For those of you who wish to pursue the mechanics of code measurement further, one good article about measuring code performance with the 8253 timer is "Programming Insight: High-Performance Software Analysis on the IBM PC," by Byron Sheppard, which appeared in the January, 1987 issue of Byte. For complete if somewhat cryptic information on the 8253 timer itself, I refer you to Intel's Microsystem Components Handbook, which is also a useful reference for a number of other PC components, including the 8259 Programmable Interrupt Controller and the 8237 DMA Controller. For details about the way the 8253 is used in the PC, as well as a great deal of additional information about the PC's hardware and BIOS resources, I suggest you consult IBM's series of technical reference manuals for the PC, XT, AT, Model 30, and microchannel computers, such as the Models 50, 60, and 80.

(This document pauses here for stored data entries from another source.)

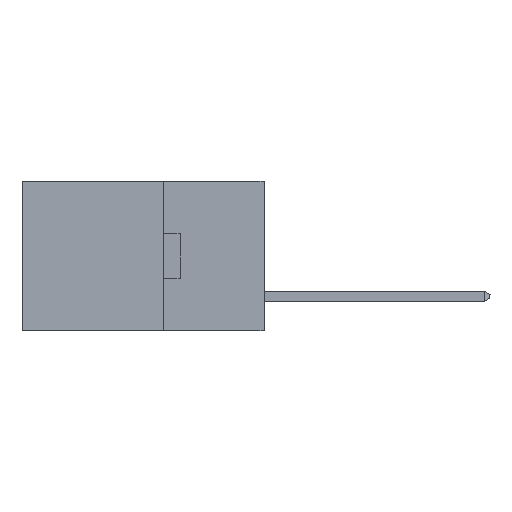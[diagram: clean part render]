
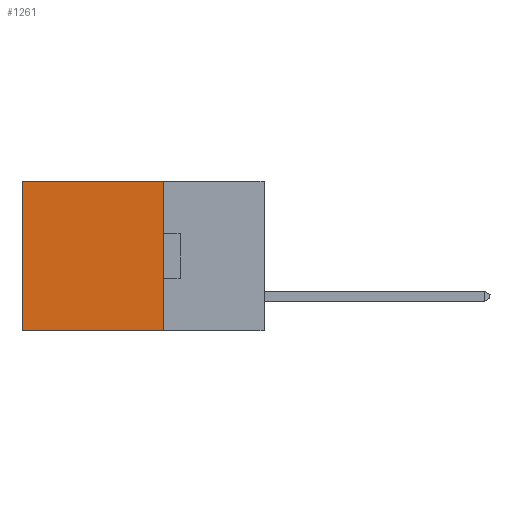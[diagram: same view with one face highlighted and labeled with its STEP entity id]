
A CAD part, left-side view. The second image highlights one B-rep face of the part: STEP entity #1261.
In plain terms, the highlighted planar face has unit normal (-1, 0, 0).
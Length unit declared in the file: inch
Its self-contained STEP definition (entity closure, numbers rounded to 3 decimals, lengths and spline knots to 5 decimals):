
#1261 = ADVANCED_FACE ( 'NONE', ( #2046 ), #10179, .F. ) ;
#1377 = VERTEX_POINT ( 'NONE', #14848 ) ;
#1837 = EDGE_CURVE ( 'NONE', #5244, #8653, #16826, .T. ) ;
#2046 = FACE_OUTER_BOUND ( 'NONE', #25447, .T. ) ;
#2274 = DIRECTION ( 'NONE',  ( 0., 0., -1. ) ) ;
#2339 = LINE ( 'NONE', #12750, #18754 ) ;
#2561 = ORIENTED_EDGE ( 'NONE', *, *, #16078, .T. ) ;
#2859 = VERTEX_POINT ( 'NONE', #25292 ) ;
#2954 = VECTOR ( 'NONE', #13764, 39.37008 ) ;
#3435 = VECTOR ( 'NONE', #2274, 39.37008 ) ;
#3734 = CARTESIAN_POINT ( 'NONE',  ( 0.2615, 0.25, 0. ) ) ;
#5244 = VERTEX_POINT ( 'NONE', #14140 ) ;
#5617 = LINE ( 'NONE', #3734, #2954 ) ;
#5904 = ORIENTED_EDGE ( 'NONE', *, *, #22519, .T. ) ;
#8611 = DIRECTION ( 'NONE',  ( 0., 0., -1. ) ) ;
#8653 = VERTEX_POINT ( 'NONE', #14783 ) ;
#10179 = PLANE ( 'NONE',  #15115 ) ;
#11510 = ORIENTED_EDGE ( 'NONE', *, *, #16154, .F. ) ;
#12562 = CARTESIAN_POINT ( 'NONE',  ( 0.2615, 0.25, -0.37 ) ) ;
#12750 = CARTESIAN_POINT ( 'NONE',  ( 0.2615, 0.6, -0.37 ) ) ;
#12885 = CARTESIAN_POINT ( 'NONE',  ( 0.2615, 0.25, -0.37 ) ) ;
#13764 = DIRECTION ( 'NONE',  ( 0., 1., 0. ) ) ;
#14140 = CARTESIAN_POINT ( 'NONE',  ( 0.2615, 0.25, 0. ) ) ;
#14783 = CARTESIAN_POINT ( 'NONE',  ( 0.2615, 0.25, -0.37 ) ) ;
#14848 = CARTESIAN_POINT ( 'NONE',  ( 0.2615, 0.6, -0.37 ) ) ;
#14877 = LINE ( 'NONE', #12885, #15783 ) ;
#15115 = AXIS2_PLACEMENT_3D ( 'NONE', #21826, #26241, #18335 ) ;
#15291 = DIRECTION ( 'NONE',  ( 0., 1., 0. ) ) ;
#15783 = VECTOR ( 'NONE', #15291, 39.37008 ) ;
#16078 = EDGE_CURVE ( 'NONE', #2859, #1377, #2339, .T. ) ;
#16154 = EDGE_CURVE ( 'NONE', #8653, #1377, #14877, .T. ) ;
#16558 = ORIENTED_EDGE ( 'NONE', *, *, #1837, .F. ) ;
#16826 = LINE ( 'NONE', #12562, #3435 ) ;
#18335 = DIRECTION ( 'NONE',  ( 0., 0., -1. ) ) ;
#18754 = VECTOR ( 'NONE', #8611, 39.37008 ) ;
#21826 = CARTESIAN_POINT ( 'NONE',  ( 0.2615, 0.25, -0.37 ) ) ;
#22519 = EDGE_CURVE ( 'NONE', #5244, #2859, #5617, .T. ) ;
#25292 = CARTESIAN_POINT ( 'NONE',  ( 0.2615, 0.6, 0. ) ) ;
#25447 = EDGE_LOOP ( 'NONE', ( #2561, #11510, #16558, #5904 ) ) ;
#26241 = DIRECTION ( 'NONE',  ( 1., 0., 0. ) ) ;

For our purposes, however, it's not critical that you understand exactly how the Zen timer works. All you really need to know is what the Zen timer can do and how to use it, and we've accomplished that in this chapter.
The Zen timer is not perfect. For one thing, the finest resolution to which it can measure an interval is at best about 1µs, a period of time in which a 66 MHz Pentium computer can execute as many as 132 instructions (although an 8088-based PC would be hard-pressed to manage two instructions in a microsecond). Another problem is that the timing code itself interferes with the state of the prefetch queue and processor cache at the start of the code being timed, because the timing code is not necessarily fetched and does not necessarily access memory in exactly the same time sequence as the code immediately preceding the code under measurement normally does. This prefetch effect can introduce as much as 3 to 4 µs of inaccuracy. Similarly, the state of the prefetch queue at the end of the code being timed affects how long the code that stops the timer takes to execute. Consequently, the Zen timer tends to be more accurate for longer code sequences, since the relative magnitude of the inaccuracy introduced by the Zen timer becomes less over longer periods.
Imperfections notwithstanding, the Zen timer is a good tool for exploring C code and x86 family assembly language, and it's a tool we'll use frequently for the remainder of this book.